WHAT TO WORK ON → Among the records that follow, set down only the lines from the one containing "13. RoboCinWheel:3 [sub-assembly]" to the one containing "- Mate:28: Base_RoboCIn:1 ↔ RoboCinWheel:1", both included, exactly.
------ INFORMATION SHOWN ------
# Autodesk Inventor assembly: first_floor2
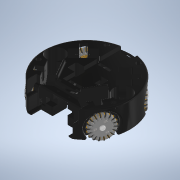
[picture p0: Inventor's stored thumbnail of the model, 180x180]
Saved by Autodesk Inventor 2020.4 (Build 244396000, 396)
## iProperties
Created: 2021-05-09
Part Number: first_floor2
Document SubType Name: Assembly
Designer: Acer
Author: Acer
## Documents named in this file (8)
- C:\Users\Acer\Documents\MATLAB\Doutorado\CAD\Inventor\first_floor\first_floor2.iam
- C:\Users\Acer\Documents\MATLAB\Doutorado\CAD\Inventor\first_floor\Base_RoboCIn.ipt
- C:\Users\Acer\Documents\MATLAB\Doutorado\CAD\Inventor\first_floor\dribbler-3-gears\Dribbler-3-gears-new.iam
- C:\Users\Acer\Documents\MATLAB\Doutorado\CAD\Inventor\first_floor\Components\M5Nut_Special.ipt
- C:\Users\Acer\Documents\MATLAB\Doutorado\CAD\Inventor\first_floor\Motor\MaxonEC45-50W-MILE-Machined-with-gear.iam
- C:\Users\Acer\Documents\MATLAB\Doutorado\CAD\Inventor\first_floor\Wheel\RoboCinWheel.iam
- C:\Users\Acer\Documents\MATLAB\Doutorado\CAD\Inventor\first_floor\Components\Battery4S.ipt
- C:\Users\Acer\Documents\MATLAB\Doutorado\CAD\Inventor\first_floor\Components\Capacitor.ipt
## Components (17 placed, 7 different names)
1. Base_RoboCIn:1 — Mate:1, Mate:2, Mate:3, Mate:4, Mate:5, Mate:6, Mate:7, Mate:8, Mate:9, Mate:10, Mate:11, Mate:12, Mate:13, Mate:14, Mate:15, Mate:16, Mate:17, Mate:18, Mate:19, Mate:20, Mate:21, Mate:22, Mate:23, Mate:24, Mate:25, Mate:26, Mate:27, Mate:28, Mate:29, Mate:30, Mate:31, Mate:32, Mate:33, Mate:34, Mate:35, Mate:38, Mate:39, Mate:40, Mate:41, Mate:42, Mate:43, Mate:44
2. Dribbler-3-gears-new:1 [sub-assembly] — Mate:1, Mate:2
3. M5Nut_Special:1 — Mate:3, Mate:4, Mate:5
4. M5Nut_Special:2 — Mate:12, Mate:13, Mate:14
5. M5Nut_Special:3 — Mate:9, Mate:10, Mate:11
6. M5Nut_Special:4 — Mate:6, Mate:7, Mate:8
7. MG-MaxonEC45-50W-MILE:1 [sub-assembly] — Mate:15, Mate:16, Mate:17
8. MG-MaxonEC45-50W-MILE:2 [sub-assembly] — Mate:18, Mate:19, Mate:20, Mate:21
9. MG-MaxonEC45-50W-MILE:3 [sub-assembly] — Mate:22, Mate:23, Mate:24
10. MG-MaxonEC45-50W-MILE:4 [sub-assembly] — Mate:25, Mate:26, Mate:27
11. RoboCinWheel:1 [sub-assembly] — Mate:28, Mate:29
12. RoboCinWheel:2 [sub-assembly] — Mate:30, Mate:31
13. RoboCinWheel:3 [sub-assembly] — Mate:34, Mate:35
14. RoboCinWheel:4 [sub-assembly] — Mate:32, Mate:33
15. Battery4S:1 — Mate:38, Mate:39, Mate:40
16. Capacitor:1 — Mate:43, Mate:44
17. Capacitor:2 — Mate:41, Mate:42
## Relationships (42: Mate 42)
- Mate:1: Base_RoboCIn:1 ↔ Dribbler-3-gears-new:1
- Mate:2 (0.25 mm): Base_RoboCIn:1 ↔ Dribbler-3-gears-new:1
- Mate:3: Base_RoboCIn:1 ↔ M5Nut_Special:1
- Mate:4: Base_RoboCIn:1 ↔ M5Nut_Special:1
- Mate:5: Base_RoboCIn:1 ↔ M5Nut_Special:1
- Mate:6: Base_RoboCIn:1 ↔ M5Nut_Special:4
- Mate:7: Base_RoboCIn:1 ↔ M5Nut_Special:4
- Mate:8: Base_RoboCIn:1 ↔ M5Nut_Special:4
- Mate:9: Base_RoboCIn:1 ↔ M5Nut_Special:3
- Mate:10: Base_RoboCIn:1 ↔ M5Nut_Special:3
- Mate:11: Base_RoboCIn:1 ↔ M5Nut_Special:3
- Mate:12: Base_RoboCIn:1 ↔ M5Nut_Special:2
- Mate:13: Base_RoboCIn:1 ↔ M5Nut_Special:2
- Mate:14: Base_RoboCIn:1 ↔ M5Nut_Special:2
- Mate:15: Base_RoboCIn:1 ↔ MG-MaxonEC45-50W-MILE:1
- Mate:16: Base_RoboCIn:1 ↔ MG-MaxonEC45-50W-MILE:1
- Mate:17: Base_RoboCIn:1 ↔ MG-MaxonEC45-50W-MILE:1
- Mate:18: Base_RoboCIn:1 ↔ MG-MaxonEC45-50W-MILE:2
- Mate:19: Base_RoboCIn:1 ↔ MG-MaxonEC45-50W-MILE:2
- Mate:20: Base_RoboCIn:1 ↔ MG-MaxonEC45-50W-MILE:2
- Mate:21: Base_RoboCIn:1 ↔ MG-MaxonEC45-50W-MILE:2
- Mate:22: Base_RoboCIn:1 ↔ MG-MaxonEC45-50W-MILE:3
- Mate:23: Base_RoboCIn:1 ↔ MG-MaxonEC45-50W-MILE:3
- Mate:24: Base_RoboCIn:1 ↔ MG-MaxonEC45-50W-MILE:3
- Mate:25: Base_RoboCIn:1 ↔ MG-MaxonEC45-50W-MILE:4
- Mate:26: Base_RoboCIn:1 ↔ MG-MaxonEC45-50W-MILE:4
- Mate:27: Base_RoboCIn:1 ↔ MG-MaxonEC45-50W-MILE:4
- Mate:28: Base_RoboCIn:1 ↔ RoboCinWheel:1
- Mate:29 (1 mm): Base_RoboCIn:1 ↔ RoboCinWheel:1
- Mate:30: Base_RoboCIn:1 ↔ RoboCinWheel:2
- Mate:31 (1 mm): Base_RoboCIn:1 ↔ RoboCinWheel:2
- Mate:32: Base_RoboCIn:1 ↔ RoboCinWheel:4
- Mate:33 (1 mm): Base_RoboCIn:1 ↔ RoboCinWheel:4
- Mate:34: Base_RoboCIn:1 ↔ RoboCinWheel:3
- Mate:35 (1 mm): Base_RoboCIn:1 ↔ RoboCinWheel:3
- Mate:38: Base_RoboCIn:1 ↔ Battery4S:1
- Mate:39 (1 mm): Base_RoboCIn:1 ↔ Battery4S:1
- Mate:40 (1 mm): Base_RoboCIn:1 ↔ Battery4S:1
- Mate:41: Base_RoboCIn:1 ↔ Capacitor:2
- Mate:42: Base_RoboCIn:1 ↔ Capacitor:2
- Mate:43: Base_RoboCIn:1 ↔ Capacitor:1
- Mate:44: Base_RoboCIn:1 ↔ Capacitor:1
------
RESULT →
13. RoboCinWheel:3 [sub-assembly] — Mate:34, Mate:35
14. RoboCinWheel:4 [sub-assembly] — Mate:32, Mate:33
15. Battery4S:1 — Mate:38, Mate:39, Mate:40
16. Capacitor:1 — Mate:43, Mate:44
17. Capacitor:2 — Mate:41, Mate:42
## Relationships (42: Mate 42)
- Mate:1: Base_RoboCIn:1 ↔ Dribbler-3-gears-new:1
- Mate:2 (0.25 mm): Base_RoboCIn:1 ↔ Dribbler-3-gears-new:1
- Mate:3: Base_RoboCIn:1 ↔ M5Nut_Special:1
- Mate:4: Base_RoboCIn:1 ↔ M5Nut_Special:1
- Mate:5: Base_RoboCIn:1 ↔ M5Nut_Special:1
- Mate:6: Base_RoboCIn:1 ↔ M5Nut_Special:4
- Mate:7: Base_RoboCIn:1 ↔ M5Nut_Special:4
- Mate:8: Base_RoboCIn:1 ↔ M5Nut_Special:4
- Mate:9: Base_RoboCIn:1 ↔ M5Nut_Special:3
- Mate:10: Base_RoboCIn:1 ↔ M5Nut_Special:3
- Mate:11: Base_RoboCIn:1 ↔ M5Nut_Special:3
- Mate:12: Base_RoboCIn:1 ↔ M5Nut_Special:2
- Mate:13: Base_RoboCIn:1 ↔ M5Nut_Special:2
- Mate:14: Base_RoboCIn:1 ↔ M5Nut_Special:2
- Mate:15: Base_RoboCIn:1 ↔ MG-MaxonEC45-50W-MILE:1
- Mate:16: Base_RoboCIn:1 ↔ MG-MaxonEC45-50W-MILE:1
- Mate:17: Base_RoboCIn:1 ↔ MG-MaxonEC45-50W-MILE:1
- Mate:18: Base_RoboCIn:1 ↔ MG-MaxonEC45-50W-MILE:2
- Mate:19: Base_RoboCIn:1 ↔ MG-MaxonEC45-50W-MILE:2
- Mate:20: Base_RoboCIn:1 ↔ MG-MaxonEC45-50W-MILE:2
- Mate:21: Base_RoboCIn:1 ↔ MG-MaxonEC45-50W-MILE:2
- Mate:22: Base_RoboCIn:1 ↔ MG-MaxonEC45-50W-MILE:3
- Mate:23: Base_RoboCIn:1 ↔ MG-MaxonEC45-50W-MILE:3
- Mate:24: Base_RoboCIn:1 ↔ MG-MaxonEC45-50W-MILE:3
- Mate:25: Base_RoboCIn:1 ↔ MG-MaxonEC45-50W-MILE:4
- Mate:26: Base_RoboCIn:1 ↔ MG-MaxonEC45-50W-MILE:4
- Mate:27: Base_RoboCIn:1 ↔ MG-MaxonEC45-50W-MILE:4
- Mate:28: Base_RoboCIn:1 ↔ RoboCinWheel:1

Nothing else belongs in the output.